Así, no sorprendió a nadie que fuera convocado por el técnico de la selección argentina, Vladislao Cap, para el Mundial que se jugó en Alemania en 1974. Pese a la mediocre actuación de los albicelestes en el torneo, Houseman hizo tres goles, uno a Italia y otro a Haití en la fase de grupos y el último a la República Democrática Alemana en la fase semifinal, que en aquel Mundial era disputada por cuatro equipos.

Tras el Mundial, Houseman tuvo varias ofertas para irse a jugar a Europa pero las desechó todas, porque no encontraba motivo alguno para irse de Buenos Aires. Fiel a su espíritu amateur, se quedó jugando en Huracán, donde siguió cimentando su leyenda dentro y fuera de la cancha. Fue por esos tiempos, en 1977, cuando le hizo un gol a River Plate estando borracho, algo que confesó algunos años más tarde.

Menotti, quien en más de una oportunidad comparó a su apadrinado con el brasileño Garrincha, otro talentoso cuya vida se malogró por causa del alcohol, nunca dudó de la calidad y el talento de Houseman. Ya convertido en técnico de la selección argentina, no vaciló en citar al Loco, quien formó parte del equipo que fue campeón del mundo en 1978. Si bien fue titular en algunos y participó en todos los partidos, la actuación en el Mundial no fue destacada y apenas hizo un gol, el quinto en la turbia goleada 6-0 sobre Perú en el estadio Arroyito de Rosario.

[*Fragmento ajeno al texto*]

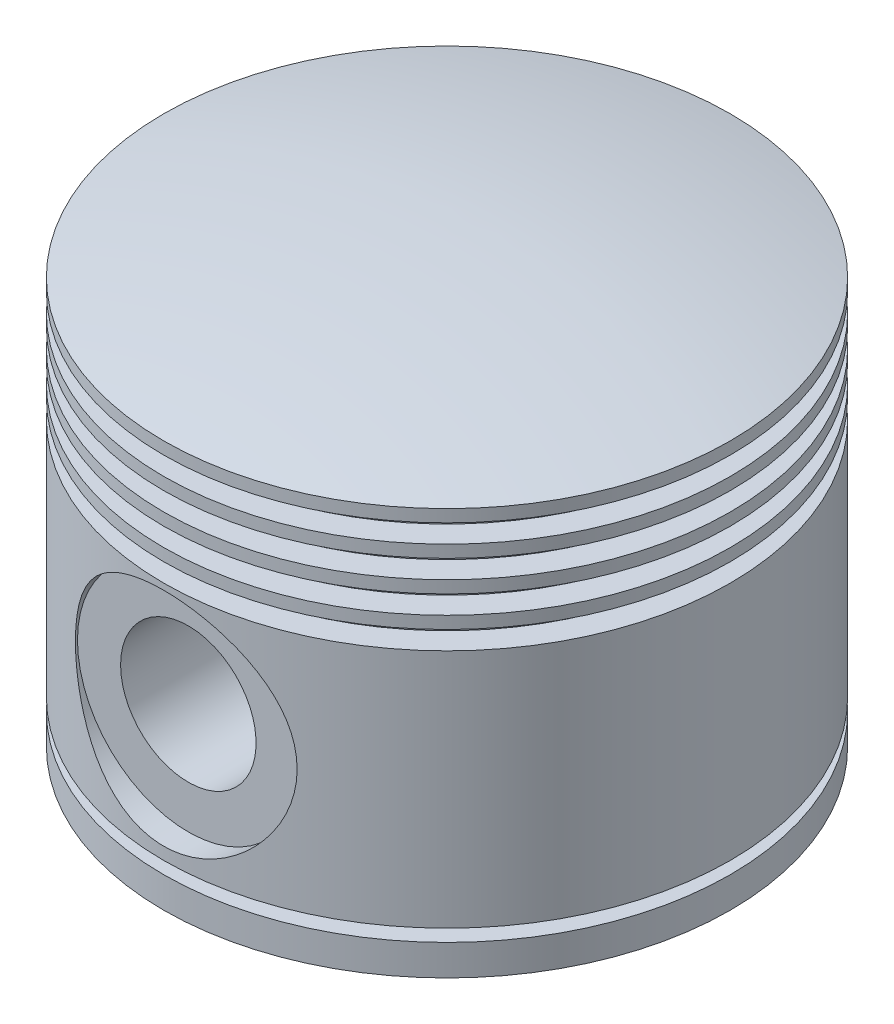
ISO-10303-21;
HEADER;
FILE_DESCRIPTION(('STEP AP214'),'2;1');
FILE_NAME('part.step','',(''),(''),'','','');
FILE_SCHEMA(('AUTOMOTIVE_DESIGN { 1 0 10303 214 1 1 1 1 }'));
ENDSEC;
DATA;
#1=APPLICATION_CONTEXT('core data for automotive mechanical design processes');
#2=APPLICATION_PROTOCOL_DEFINITION('international standard','automotive_design',2000,#1);
#3=PRODUCT_CONTEXT('',#1,'mechanical');
#4=PRODUCT('Part','Part','',(#3));
#5=PRODUCT_RELATED_PRODUCT_CATEGORY('part','',(#4));
#6=PRODUCT_DEFINITION_FORMATION('','',#4);
#7=PRODUCT_DEFINITION_CONTEXT('part definition',#1,'design');
#8=PRODUCT_DEFINITION('design','',#6,#7);
#9=PRODUCT_DEFINITION_SHAPE('','',#8);
#10=(LENGTH_UNIT() NAMED_UNIT(*) SI_UNIT(.MILLI.,.METRE.));
#11=(NAMED_UNIT(*) PLANE_ANGLE_UNIT() SI_UNIT($,.RADIAN.));
#12=(NAMED_UNIT(*) SI_UNIT($,.STERADIAN.) SOLID_ANGLE_UNIT());
#13=UNCERTAINTY_MEASURE_WITH_UNIT(LENGTH_MEASURE(1.E-05),#10,'distance_accuracy_value','');
#14=(GEOMETRIC_REPRESENTATION_CONTEXT(3) GLOBAL_UNCERTAINTY_ASSIGNED_CONTEXT((#13)) GLOBAL_UNIT_ASSIGNED_CONTEXT((#10,
#11,#12)) REPRESENTATION_CONTEXT('',''));
#15=CARTESIAN_POINT('',(0.,0.,0.));
#16=DIRECTION('',(0.,0.,1.));
#17=DIRECTION('',(1.,0.,0.));
#18=AXIS2_PLACEMENT_3D('',#15,#16,#17);
#19=CARTESIAN_POINT('',(0.,0.,0.));
#20=DIRECTION('',(0.,-1.,0.));
#21=DIRECTION('',(0.,0.,-1.));
#22=AXIS2_PLACEMENT_3D('',#19,#20,#21);
#23=CYLINDRICAL_SURFACE('',#22,46.);
#24=CARTESIAN_POINT('',(0.,45.,-46.));
#25=CARTESIAN_POINT('',(-0.485846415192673,45.0000033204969,-46.00000249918));
#26=CARTESIAN_POINT('',(-0.971649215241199,44.9803149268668,-45.9922867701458));
#27=CARTESIAN_POINT('',(-1.93955551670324,44.9017820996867,-45.9616412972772));
#28=CARTESIAN_POINT('',(-2.42165944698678,44.8429422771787,-45.9387133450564));
#29=CARTESIAN_POINT('',(-3.3785223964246,44.6867339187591,-45.878267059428));
#30=CARTESIAN_POINT('',(-3.85328310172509,44.5893743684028,-45.8407521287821));
#31=CARTESIAN_POINT('',(-4.79222951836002,44.3570862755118,-45.7521248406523));
#32=CARTESIAN_POINT('',(-5.25641486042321,44.2221564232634,-45.7010120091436));
#33=CARTESIAN_POINT('',(-6.1701129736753,43.9163037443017,-45.5866348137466));
#34=CARTESIAN_POINT('',(-6.6196544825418,43.74545701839,-45.523396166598));
#35=CARTESIAN_POINT('',(-7.50226260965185,43.3690633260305,-45.3862923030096));
#36=CARTESIAN_POINT('',(-7.93532938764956,43.16351669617,-45.3124271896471));
#37=CARTESIAN_POINT('',(-8.78255575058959,42.7192735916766,-45.1558673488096));
#38=CARTESIAN_POINT('',(-9.19671103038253,42.4805696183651,-45.0731706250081));
#39=CARTESIAN_POINT('',(-10.0037428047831,41.971730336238,-44.9009510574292));
#40=CARTESIAN_POINT('',(-10.3966185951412,41.7015939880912,-44.8114279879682));
#41=CARTESIAN_POINT('',(-11.1746280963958,41.1199551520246,-44.6239205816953));
#42=CARTESIAN_POINT('',(-11.5587877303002,40.8072125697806,-44.5257399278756));
#43=CARTESIAN_POINT('',(-12.2998429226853,40.1513805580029,-44.326754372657));
#44=CARTESIAN_POINT('',(-12.6567259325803,39.8082773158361,-44.2259482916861));
#45=CARTESIAN_POINT('',(-13.3411572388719,39.0937320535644,-44.0243212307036));
#46=CARTESIAN_POINT('',(-13.6686956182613,38.7222805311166,-43.9235002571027));
#47=CARTESIAN_POINT('',(-14.2922407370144,37.9533900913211,-43.7245803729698));
#48=CARTESIAN_POINT('',(-14.5882611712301,37.5559625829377,-43.626480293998));
#49=CARTESIAN_POINT('',(-15.1589645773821,36.7197125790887,-43.4315619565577));
#50=CARTESIAN_POINT('',(-15.43220297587,36.2798481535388,-43.3349759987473));
#51=CARTESIAN_POINT('',(-15.9404591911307,35.3767672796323,-43.1506070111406));
#52=CARTESIAN_POINT('',(-16.1754756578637,34.9135500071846,-43.0628242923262));
#53=CARTESIAN_POINT('',(-16.6051710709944,33.9669472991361,-42.8989648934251));
#54=CARTESIAN_POINT('',(-16.7998638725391,33.4835688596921,-42.8228841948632));
#55=CARTESIAN_POINT('',(-17.1470947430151,32.4999198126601,-42.6850335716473));
#56=CARTESIAN_POINT('',(-17.2996355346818,31.9996502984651,-42.6232627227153));
#57=CARTESIAN_POINT('',(-17.5551727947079,31.0082829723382,-42.5186328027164));
#58=CARTESIAN_POINT('',(-17.6600479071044,30.5177443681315,-42.4750634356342));
#59=CARTESIAN_POINT('',(-17.8285921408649,29.5284467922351,-42.4045950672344));
#60=CARTESIAN_POINT('',(-17.8922624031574,29.0296880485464,-42.3776956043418));
#61=CARTESIAN_POINT('',(-17.9776361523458,28.0281506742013,-42.3415488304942));
#62=CARTESIAN_POINT('',(-17.9993562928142,27.5253737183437,-42.3322945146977));
#63=CARTESIAN_POINT('',(-18.0006154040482,26.519768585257,-42.3317594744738));
#64=CARTESIAN_POINT('',(-17.9801562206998,26.0169404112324,-42.3404779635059));
#65=CARTESIAN_POINT('',(-17.9000590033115,25.0485656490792,-42.3743977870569));
#66=CARTESIAN_POINT('',(-17.8431039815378,24.5827544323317,-42.3984698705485));
#67=CARTESIAN_POINT('',(-17.6932279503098,23.6579823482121,-42.4612326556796));
#68=CARTESIAN_POINT('',(-17.600308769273,23.1990211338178,-42.499922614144));
#69=CARTESIAN_POINT('',(-17.3793890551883,22.2909412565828,-42.5907392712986));
#70=CARTESIAN_POINT('',(-17.2513844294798,21.8418237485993,-42.6428675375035));
#71=CARTESIAN_POINT('',(-16.9614379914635,20.9562665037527,-42.7590222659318));
#72=CARTESIAN_POINT('',(-16.7994949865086,20.5198272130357,-42.823049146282));
#73=CARTESIAN_POINT('',(-16.4394412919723,19.6536330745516,-42.9625739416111));
#74=CARTESIAN_POINT('',(-16.2406761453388,19.2241831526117,-43.0382744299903));
#75=CARTESIAN_POINT('',(-15.810713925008,18.3834895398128,-43.1980775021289));
#76=CARTESIAN_POINT('',(-15.579516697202,17.9722459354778,-43.2821801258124));
#77=CARTESIAN_POINT('',(-15.0862250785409,17.1700691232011,-43.4565786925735));
#78=CARTESIAN_POINT('',(-14.8241279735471,16.7791377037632,-43.5468751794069));
#79=CARTESIAN_POINT('',(-14.270519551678,16.0194122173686,-43.7314238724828));
#80=CARTESIAN_POINT('',(-13.9789946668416,15.6506284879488,-43.8256778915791));
#81=CARTESIAN_POINT('',(-13.3456924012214,14.9108844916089,-44.0228396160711));
#82=CARTESIAN_POINT('',(-13.0017943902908,14.5417704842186,-44.125872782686));
#83=CARTESIAN_POINT('',(-12.284255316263,13.8337160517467,-44.3309850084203));
#84=CARTESIAN_POINT('',(-11.9106261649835,13.4947636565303,-44.4330644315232));
#85=CARTESIAN_POINT('',(-11.1354918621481,12.8488366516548,-44.6336321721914));
#86=CARTESIAN_POINT('',(-10.7339752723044,12.5418752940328,-44.7321189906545));
#87=CARTESIAN_POINT('',(-9.90553620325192,11.9621831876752,-44.9228338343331));
#88=CARTESIAN_POINT('',(-9.47861386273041,11.6894522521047,-45.0150618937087));
#89=CARTESIAN_POINT('',(-8.59390882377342,11.1756154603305,-45.1923878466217));
#90=CARTESIAN_POINT('',(-8.13570494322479,10.935178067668,-45.2773247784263));
#91=CARTESIAN_POINT('',(-7.19862878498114,10.4940035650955,-45.4357294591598));
#92=CARTESIAN_POINT('',(-6.71975607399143,10.2932672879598,-45.5091969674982));
#93=CARTESIAN_POINT('',(-5.74494928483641,9.93350188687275,-45.6424959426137));
#94=CARTESIAN_POINT('',(-5.24902198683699,9.77445640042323,-45.7023327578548));
#95=CARTESIAN_POINT('',(-4.24373929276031,9.49965292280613,-45.8066148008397));
#96=CARTESIAN_POINT('',(-3.73438478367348,9.38389207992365,-45.8510610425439));
#97=CARTESIAN_POINT('',(-2.73576818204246,9.20229694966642,-45.9211459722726));
#98=CARTESIAN_POINT('',(-2.24702001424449,9.1339888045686,-45.9477138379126));
#99=CARTESIAN_POINT('',(-1.26497317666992,9.03772762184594,-45.9852285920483));
#100=CARTESIAN_POINT('',(-0.771674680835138,9.00977304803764,-45.9961760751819));
#101=CARTESIAN_POINT('',(0.215538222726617,8.99452287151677,-46.002142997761));
#102=CARTESIAN_POINT('',(0.709452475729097,9.00721855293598,-45.9971658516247));
#103=CARTESIAN_POINT('',(1.69415052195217,9.07311145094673,-45.9714303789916));
#104=CARTESIAN_POINT('',(2.1849343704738,9.12630795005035,-45.9506723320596));
#105=CARTESIAN_POINT('',(3.13879162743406,9.26950155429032,-45.8951679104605));
#106=CARTESIAN_POINT('',(3.60215375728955,9.35783123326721,-45.861056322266));
#107=CARTESIAN_POINT('',(4.51941518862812,9.57024099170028,-45.7797649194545));
#108=CARTESIAN_POINT('',(4.97331482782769,9.69431979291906,-45.7325855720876));
#109=CARTESIAN_POINT('',(5.86877685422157,9.97713453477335,-45.626316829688));
#110=CARTESIAN_POINT('',(6.3103382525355,10.1358732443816,-45.5672264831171));
#111=CARTESIAN_POINT('',(7.17842851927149,10.4866916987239,-45.4385599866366));
#112=CARTESIAN_POINT('',(7.60495687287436,10.6787725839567,-45.3689834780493));
#113=CARTESIAN_POINT('',(8.45318261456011,11.1011039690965,-45.2187437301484));
#114=CARTESIAN_POINT('',(8.87434506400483,11.3323320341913,-45.1378091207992));
#115=CARTESIAN_POINT('',(9.69576887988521,11.8269340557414,-44.9685217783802));
#116=CARTESIAN_POINT('',(10.0960299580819,12.0903084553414,-44.8801689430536));
#117=CARTESIAN_POINT('',(10.8735794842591,12.6475063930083,-44.6981514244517));
#118=CARTESIAN_POINT('',(11.250864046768,12.9413350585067,-44.6044858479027));
#119=CARTESIAN_POINT('',(11.9805567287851,13.5577360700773,-44.4140576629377));
#120=CARTESIAN_POINT('',(12.3329558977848,13.88031866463,-44.3172939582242));
#121=CARTESIAN_POINT('',(13.0323130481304,14.5735654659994,-44.1168828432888));
#122=CARTESIAN_POINT('',(13.3775251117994,14.9459791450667,-44.0131862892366));
#123=CARTESIAN_POINT('',(14.0355286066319,15.7189724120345,-43.8077934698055));
#124=CARTESIAN_POINT('',(14.348318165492,16.1195536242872,-43.7060973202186));
#125=CARTESIAN_POINT('',(14.9395290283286,16.9466935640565,-43.5075599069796));
#126=CARTESIAN_POINT('',(15.2179383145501,17.3732612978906,-43.4107203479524));
#127=CARTESIAN_POINT('',(15.738148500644,18.2495602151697,-43.2248421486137));
#128=CARTESIAN_POINT('',(15.9799640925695,18.6992820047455,-43.1358003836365));
#129=CARTESIAN_POINT('',(16.4269189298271,19.6229009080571,-42.9675905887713));
#130=CARTESIAN_POINT('',(16.6317541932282,20.0969605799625,-42.8885058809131));
#131=CARTESIAN_POINT('',(17.0004786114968,21.062754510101,-42.7436896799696));
#132=CARTESIAN_POINT('',(17.1643672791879,21.5544889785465,-42.6779583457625));
#133=CARTESIAN_POINT('',(17.4493974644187,22.551710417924,-42.5622158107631));
#134=CARTESIAN_POINT('',(17.5705638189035,23.0571892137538,-42.5121954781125));
#135=CARTESIAN_POINT('',(17.7688744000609,24.0781107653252,-42.4296911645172));
#136=CARTESIAN_POINT('',(17.84602208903,24.5935527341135,-42.3972058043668));
#137=CARTESIAN_POINT('',(17.9515612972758,25.5940565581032,-42.3526204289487));
#138=CARTESIAN_POINT('',(17.9829622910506,26.0787470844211,-42.3392632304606));
#139=CARTESIAN_POINT('',(18.0064750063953,27.0492420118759,-42.329269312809));
#140=CARTESIAN_POINT('',(17.9985886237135,27.5350463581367,-42.332631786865));
#141=CARTESIAN_POINT('',(17.9436207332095,28.5039697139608,-42.3559600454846));
#142=CARTESIAN_POINT('',(17.8965433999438,28.9870890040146,-42.3759240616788));
#143=CARTESIAN_POINT('',(17.7637197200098,29.947040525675,-42.431773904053));
#144=CARTESIAN_POINT('',(17.6779734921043,30.4238727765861,-42.4676596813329));
#145=CARTESIAN_POINT('',(17.4725203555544,31.3506425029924,-42.5525896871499));
#146=CARTESIAN_POINT('',(17.3541594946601,31.8009278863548,-42.6011088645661));
#147=CARTESIAN_POINT('',(17.0834460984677,32.6896069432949,-42.710386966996));
#148=CARTESIAN_POINT('',(16.9310946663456,33.1280010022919,-42.7711454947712));
#149=CARTESIAN_POINT('',(16.5936503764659,33.9903628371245,-42.9031882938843));
#150=CARTESIAN_POINT('',(16.4085563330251,34.41433008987,-42.9744729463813));
#151=CARTESIAN_POINT('',(16.0069373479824,35.2456753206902,-43.1256767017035));
#152=CARTESIAN_POINT('',(15.7904010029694,35.6530472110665,-43.2055989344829));
#153=CARTESIAN_POINT('',(15.3145367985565,36.4710664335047,-43.3766338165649));
#154=CARTESIAN_POINT('',(15.0535019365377,36.8806428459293,-43.4681212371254));
#155=CARTESIAN_POINT('',(14.4998032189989,37.6766467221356,-43.6559406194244));
#156=CARTESIAN_POINT('',(14.2071383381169,38.0630734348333,-43.7522727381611));
#157=CARTESIAN_POINT('',(13.5918018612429,38.8109057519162,-43.9473220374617));
#158=CARTESIAN_POINT('',(13.2691167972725,39.1722999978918,-44.0460402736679));
#159=CARTESIAN_POINT('',(12.5957662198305,39.8678243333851,-44.2433012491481));
#160=CARTESIAN_POINT('',(12.2451092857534,40.201962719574,-44.3418440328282));
#161=CARTESIAN_POINT('',(11.4952881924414,40.8608236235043,-44.5423168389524));
#162=CARTESIAN_POINT('',(11.0944683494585,41.1837147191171,-44.6440844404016));
#163=CARTESIAN_POINT('',(10.265715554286,41.7945968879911,-44.8419063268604));
#164=CARTESIAN_POINT('',(9.83778195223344,42.0825871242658,-44.9379604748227));
#165=CARTESIAN_POINT('',(8.95731826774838,42.6215527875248,-45.1217097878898));
#166=CARTESIAN_POINT('',(8.50478185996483,42.872518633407,-45.2094027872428));
#167=CARTESIAN_POINT('',(7.57815556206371,43.335230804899,-45.3739241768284));
#168=CARTESIAN_POINT('',(7.10406466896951,43.5469753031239,-45.4507520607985));
#169=CARTESIAN_POINT('',(6.09838250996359,43.9447722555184,-45.5970207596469));
#170=CARTESIAN_POINT('',(5.56524713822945,44.1273453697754,-45.6653561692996));
#171=CARTESIAN_POINT('',(4.4823125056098,44.4420998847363,-45.7843378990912));
#172=CARTESIAN_POINT('',(3.93251177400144,44.5742768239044,-45.8349826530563));
#173=CARTESIAN_POINT('',(2.82178627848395,44.7864281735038,-45.9167446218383));
#174=CARTESIAN_POINT('',(2.26086752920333,44.8664300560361,-45.9478721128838));
#175=CARTESIAN_POINT('',(1.13327876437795,44.9732096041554,-45.9894966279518));
#176=CARTESIAN_POINT('',(0.566609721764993,44.9999961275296,-45.9999970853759));
#177=CARTESIAN_POINT('',(0.,45.,-46.));
#178=B_SPLINE_CURVE_WITH_KNOTS('',3,(#24,#25,#26,#27,#28,#29,#30,#31,#32,#33,#34,#35,#36,#37,
#38,#39,#40,#41,#42,#43,#44,#45,#46,#47,#48,#49,#50,#51,#52,#53,#54,#55,#56,#57,#58,#59,#60,#61,
#62,#63,#64,#65,#66,#67,#68,#69,#70,#71,#72,#73,#74,#75,#76,#77,#78,#79,#80,#81,#82,#83,#84,#85,
#86,#87,#88,#89,#90,#91,#92,#93,#94,#95,#96,#97,#98,#99,#100,#101,#102,#103,#104,#105,#106,#107,
#108,#109,#110,#111,#112,#113,#114,#115,#116,#117,#118,#119,#120,#121,#122,#123,#124,#125,#126,
#127,#128,#129,#130,#131,#132,#133,#134,#135,#136,#137,#138,#139,#140,#141,#142,#143,#144,#145,
#146,#147,#148,#149,#150,#151,#152,#153,#154,#155,#156,#157,#158,#159,#160,#161,#162,#163,#164,
#165,#166,#167,#168,#169,#170,#171,#172,#173,#174,#175,#176,#177),.UNSPECIFIED.,.T.,.F.,(4,2,2,
2,2,2,2,2,2,2,2,2,2,2,2,2,2,2,2,2,2,2,2,2,2,2,2,2,2,2,2,2,2,2,2,2,2,2,2,2,2,2,2,2,2,2,2,2,2,2,2,
2,2,2,2,2,2,2,2,2,2,2,2,2,2,2,2,2,2,2,2,2,2,2,2,2,4),(0.,1.45700633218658,2.9138410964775,
4.37033622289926,5.82688212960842,7.28037245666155,8.73384868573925,10.1876541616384,
11.6415077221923,13.1548318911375,14.6688481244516,16.1833741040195,17.6972392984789,
19.2755428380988,20.8539021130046,22.4317181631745,24.0094322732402,25.517988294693,
27.0265025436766,28.5344178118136,30.0422670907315,31.4503071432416,32.8582756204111,
34.2664084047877,35.6745906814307,37.1107413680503,38.5468988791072,39.9831826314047,
41.4201316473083,42.963081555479,44.5054163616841,46.0483875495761,47.5913503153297,
49.1624895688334,50.7336617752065,52.3042164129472,53.8746675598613,55.3554254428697,
56.8361269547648,58.3165110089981,59.7968688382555,61.2140494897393,62.6311794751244,
64.0484227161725,65.4657144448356,66.925809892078,68.3859254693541,69.8462872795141,
71.307171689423,72.860222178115,74.4133623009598,75.9670438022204,77.5200998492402,
79.085392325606,80.650703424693,82.2151030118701,83.7793795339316,85.2352034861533,
86.6909571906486,88.1465558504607,89.6021500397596,91.0048957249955,92.4075958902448,
93.8103468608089,95.2136078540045,96.6946795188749,98.1757992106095,99.6575866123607,
101.138921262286,102.711021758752,104.283159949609,105.855704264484,107.428321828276,
109.128557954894,110.828944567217,112.528435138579,114.22764280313),.UNSPECIFIED.);
#179=CARTESIAN_POINT('',(0.,45.,-46.));
#180=VERTEX_POINT('',#179);
#181=EDGE_CURVE('E43',#180,#180,#178,.T.);
#182=ORIENTED_EDGE('',*,*,#181,.T.);
#183=EDGE_LOOP('',(#182));
#184=FACE_BOUND('',#183,.T.);
#185=CARTESIAN_POINT('',(0.,46.,0.));
#186=DIRECTION('',(0.,-1.,0.));
#187=DIRECTION('',(0.,0.,-1.));
#188=AXIS2_PLACEMENT_3D('',#185,#186,#187);
#189=CIRCLE('',#188,46.);
#190=CARTESIAN_POINT('',(0.,46.,-46.));
#191=VERTEX_POINT('',#190);
#192=EDGE_CURVE('E191',#191,#191,#189,.T.);
#193=ORIENTED_EDGE('',*,*,#192,.T.);
#194=EDGE_LOOP('',(#193));
#195=FACE_BOUND('',#194,.T.);
#196=CARTESIAN_POINT('',(0.,7.00000000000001,0.));
#197=DIRECTION('',(0.,-1.,0.));
#198=DIRECTION('',(0.,0.,-1.));
#199=AXIS2_PLACEMENT_3D('',#196,#197,#198);
#200=CIRCLE('',#199,46.);
#201=CARTESIAN_POINT('',(0.,7.00000000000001,-46.));
#202=VERTEX_POINT('',#201);
#203=EDGE_CURVE('E194',#202,#202,#200,.T.);
#204=ORIENTED_EDGE('',*,*,#203,.F.);
#205=EDGE_LOOP('',(#204));
#206=FACE_BOUND('',#205,.T.);
#207=CARTESIAN_POINT('',(-18.,27.,42.3320209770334));
#208=CARTESIAN_POINT('',(-17.999996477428,27.4832729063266,42.3320244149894));
#209=CARTESIAN_POINT('',(-17.9805105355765,27.9667069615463,42.340324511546));
#210=CARTESIAN_POINT('',(-17.9027518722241,28.9300980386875,42.3732604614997));
#211=CARTESIAN_POINT('',(-17.8444546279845,29.4100526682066,42.3979066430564));
#212=CARTESIAN_POINT('',(-17.6895052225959,30.3638280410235,42.4627891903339));
#213=CARTESIAN_POINT('',(-17.5927635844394,30.8376317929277,42.5030619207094));
#214=CARTESIAN_POINT('',(-17.3619401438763,31.774492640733,42.5978704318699));
#215=CARTESIAN_POINT('',(-17.2278639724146,32.2375513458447,42.6524040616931));
#216=CARTESIAN_POINT('',(-16.9241935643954,33.1482718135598,42.7738036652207));
#217=CARTESIAN_POINT('',(-16.7547311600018,33.5959837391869,42.840623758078));
#218=CARTESIAN_POINT('',(-16.3814280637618,34.4750841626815,42.9847509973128));
#219=CARTESIAN_POINT('',(-16.1775861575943,34.9064720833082,43.0620585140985));
#220=CARTESIAN_POINT('',(-15.7371873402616,35.7502752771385,43.2249464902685));
#221=CARTESIAN_POINT('',(-15.5006470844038,36.162700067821,43.3105227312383));
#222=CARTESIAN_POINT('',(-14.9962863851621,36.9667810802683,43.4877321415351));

Indudablemente, los mejores tiempos del Loco dentro de la cancha habían pasado y apenas tenía 25 años. En 1980 pasó de Huracán a River, pero su actuación en los millonarios fue decepcionante. Luego se fue a Colo-Colo de Chile, y tras un exótico y efímero pasaje por el Amazulu de Sudáfrica volvió a Argentina, donde pasó sin pena ni gloria por Independiente, hasta su definitivo retiro en 1985 con la camiseta de Excursionistas, el club del que siempre fue hincha y en cuya sede siempre, hasta en los peores momentos, encontró refugio.